You have a network in which it is so convenient to share that it's almost begging you to. There's a lot of fundamental rethinking of commerce here, and I was quite bugged by it all when I started looking into it myself. But when you see how badly the bigger half of people in this world are suffering it's easier to see why this is necessary.
> A physical good (food, clothes) is depletable, and in that way too unlike digital data, which is for all practical purposes undepletable. But if you consider even highly inexpensive physical goods, they have various substantial costs of transportation, inventory, etc. associated to them, and thus they are not truly as fluidly and effortlessly reproducible in the way that digital data is reproducible for zero cost.
Right, that's why I said "not for free but for their low marginal cost." You're hand-waving with the "zero marginal cost" argument without addressing my counter-point. If the fact that something has a marginal cost approaching $0 means you are morally obligated to provide it for a price approaching $0, why is there not a similar moral obligation to provide something that has a marginal cost of $3 for $3?
> If the fact that something has a marginal cost approaching $0 means you are morally obligated to provide it for a price approaching $0, why is there not a similar moral obligation to provide something that has a marginal cost of $3 for $3?

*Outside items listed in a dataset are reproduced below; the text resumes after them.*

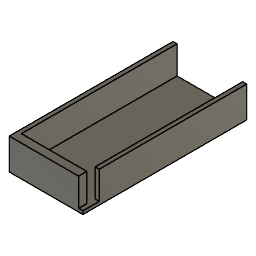
supporto_batteria_parametrico (Autodesk Fusion 360 design; units mm, degrees)
part number: 2026-07-13-18-12-15-809
part number: 2026-07-13-18-12-16-008
Autodesk Fusion 360 part; units mm, degrees
sketch "Schizzo1" plane through (0, 0, 0) normal (0, 0, 1) x (1, 0, 0) in component "01_Supporto_batteria_parametrico"
  line L0 (-22.5, -50) -> (22.5, -50)
  line L1 (22.5, -50) -> (22.5, 50)
  line L2 (22.5, 50) -> (-22.5, 50)
  line L3 (-22.5, 50) -> (-22.5, -50)
extrude "Estrusione_Fondo_supporto_batteria" add sketch "Schizzo1" along normal blind 2 in component "01_Supporto_batteria_parametrico"
ref_plane "Piano di lavoro1" through (0, 0, 2) normal (0, 0, 1) x (1, 0, 0) in component "01_Supporto_batteria_parametrico"
sketch "Schizzo2" plane through (0, 0, 2) normal (0, 0, 1) x (1, 0, 0) in component "01_Supporto_batteria_parametrico"
  line L0 (-22.5, -50) -> (-20, -50)
  line L1 (-20, -50) -> (-20, 50)
  line L2 (-20, 50) -> (-22.5, 50)
  line L3 (-22.5, 50) -> (-22.5, -50)
extrude "Estrusione_Parete_lunga_Ovest" add sketch "Schizzo2" along normal blind 17 in component "01_Supporto_batteria_parametrico"
sketch "Schizzo3" plane through (0, 0, 2) normal (0, 0, 1) x (1, 0, 0) in component "01_Supporto_batteria_parametrico"
  line L0 (20, -50) -> (22.5, -50)
  line L1 (22.5, -50) -> (22.5, 50)
  line L2 (22.5, 50) -> (20, 50)
  line L3 (20, 50) -> (20, -50)
extrude "Estrusione_Parete_lunga_Est" add sketch "Schizzo3" along normal blind 17 in component "01_Supporto_batteria_parametrico"
sketch "Schizzo4" plane through (0, 0, 2) normal (0, 0, 1) x (1, 0, 0) in component "01_Supporto_batteria_parametrico"
  line L0 (-22.5, -50) -> (22.5, -50)
  line L1 (22.5, -50) -> (22.5, -45)
  line L2 (22.5, -45) -> (-22.5, -45)
  line L3 (-22.5, -45) -> (-22.5, -50)
extrude "Estrusione_Parete_corta_chiusa" add sketch "Schizzo4" along normal blind 17 in component "01_Supporto_batteria_parametrico"
sketch "Schizzo5" plane through (0, 0, 2) normal (0, 0, 1) x (1, 0, 0) in component "01_Supporto_batteria_parametrico"
  line L0 (19.9, -50) -> (22.6, -50)
  line L1 (22.6, -50) -> (22.6, -40)
  line L2 (22.6, -40) -> (19.9, -40)
  line L3 (19.9, -40) -> (19.9, -50)
extrude "Apertura_cavi_parete_lunga_Est" cut sketch "Schizzo5" along normal blind 17 in component "01_Supporto_batteria_parametrico"
component "01_Supporto_batteria_parametrico" placed x (1, 0, 0) y (0, 1, 0) z (0, 0, 1) at (0, 0, 0)
equation "batt_vano_lunghezza = 95.0 mm" comment "Vano batteria"
equation "batt_vano_larghezza = 40.0 mm" comment "Vano batteria"
equation "batt_esterno_lunghezza = 100.0 mm" comment "Supporto batteria"
equation "batt_esterno_larghezza = 45.0 mm" comment "Supporto batteria"
equation "batt_fondo_spessore = 2.0 mm" comment "Fondo supporto batteria"
equation "batt_parete_spessore = 2.5 mm" comment "Pareti laterali"
equation "batt_parete_altezza = 17.0 mm" comment "Pareti laterali"
equation "batt_apertura_cavi = 10.0 mm" comment "Passaggio cavi"
equation "d9 = batt_fondo_spessore"
equation "d11 = batt_fondo_spessore"
equation "d13 = batt_parete_altezza"
equation "d15 = batt_parete_altezza"
equation "d17 = batt_parete_altezza"
equation "d19 = batt_parete_altezza"
named bodies: "Supporto_batteria_con_apertura_cavi"

If it were up to me, it would be -- or roughly something like that. But I have supposedly radical views on a lot of things (FWIW I affiliate to a local socialist party). I think a lot of the decisions made by big pharmaceutical companies, retail corporations, etc. are morally reprehensible. To give you a more direct answer of why I do not go down the streets at night shouting for change on this: because it'll be much harder for me to achieve that change. It'll be much harder for me to be an influencing force of bringing about a system I would be happy with. But because I am someone of a technical background, this fight is the fight I choose to participate in. Also, charging something $3 for something that has a marginal cost of $3 sounds kind of lousy -- I'm sure there's got to be a more elegant way of doing that. :)
I disagree with you, but admire your consistency. I think a lot of people pushing for "free information" draw an arbitrary distinction between digital things that are almost free to reproduce and physical things that are fairly cheap to reproduce.
I think the real difference here is not so much that the marginal cost of digital goods is low, but that customers also own the means of reproduction. That is the fundamental difference that leads to arguments over rights, and then to arguments over morals, as these things often do.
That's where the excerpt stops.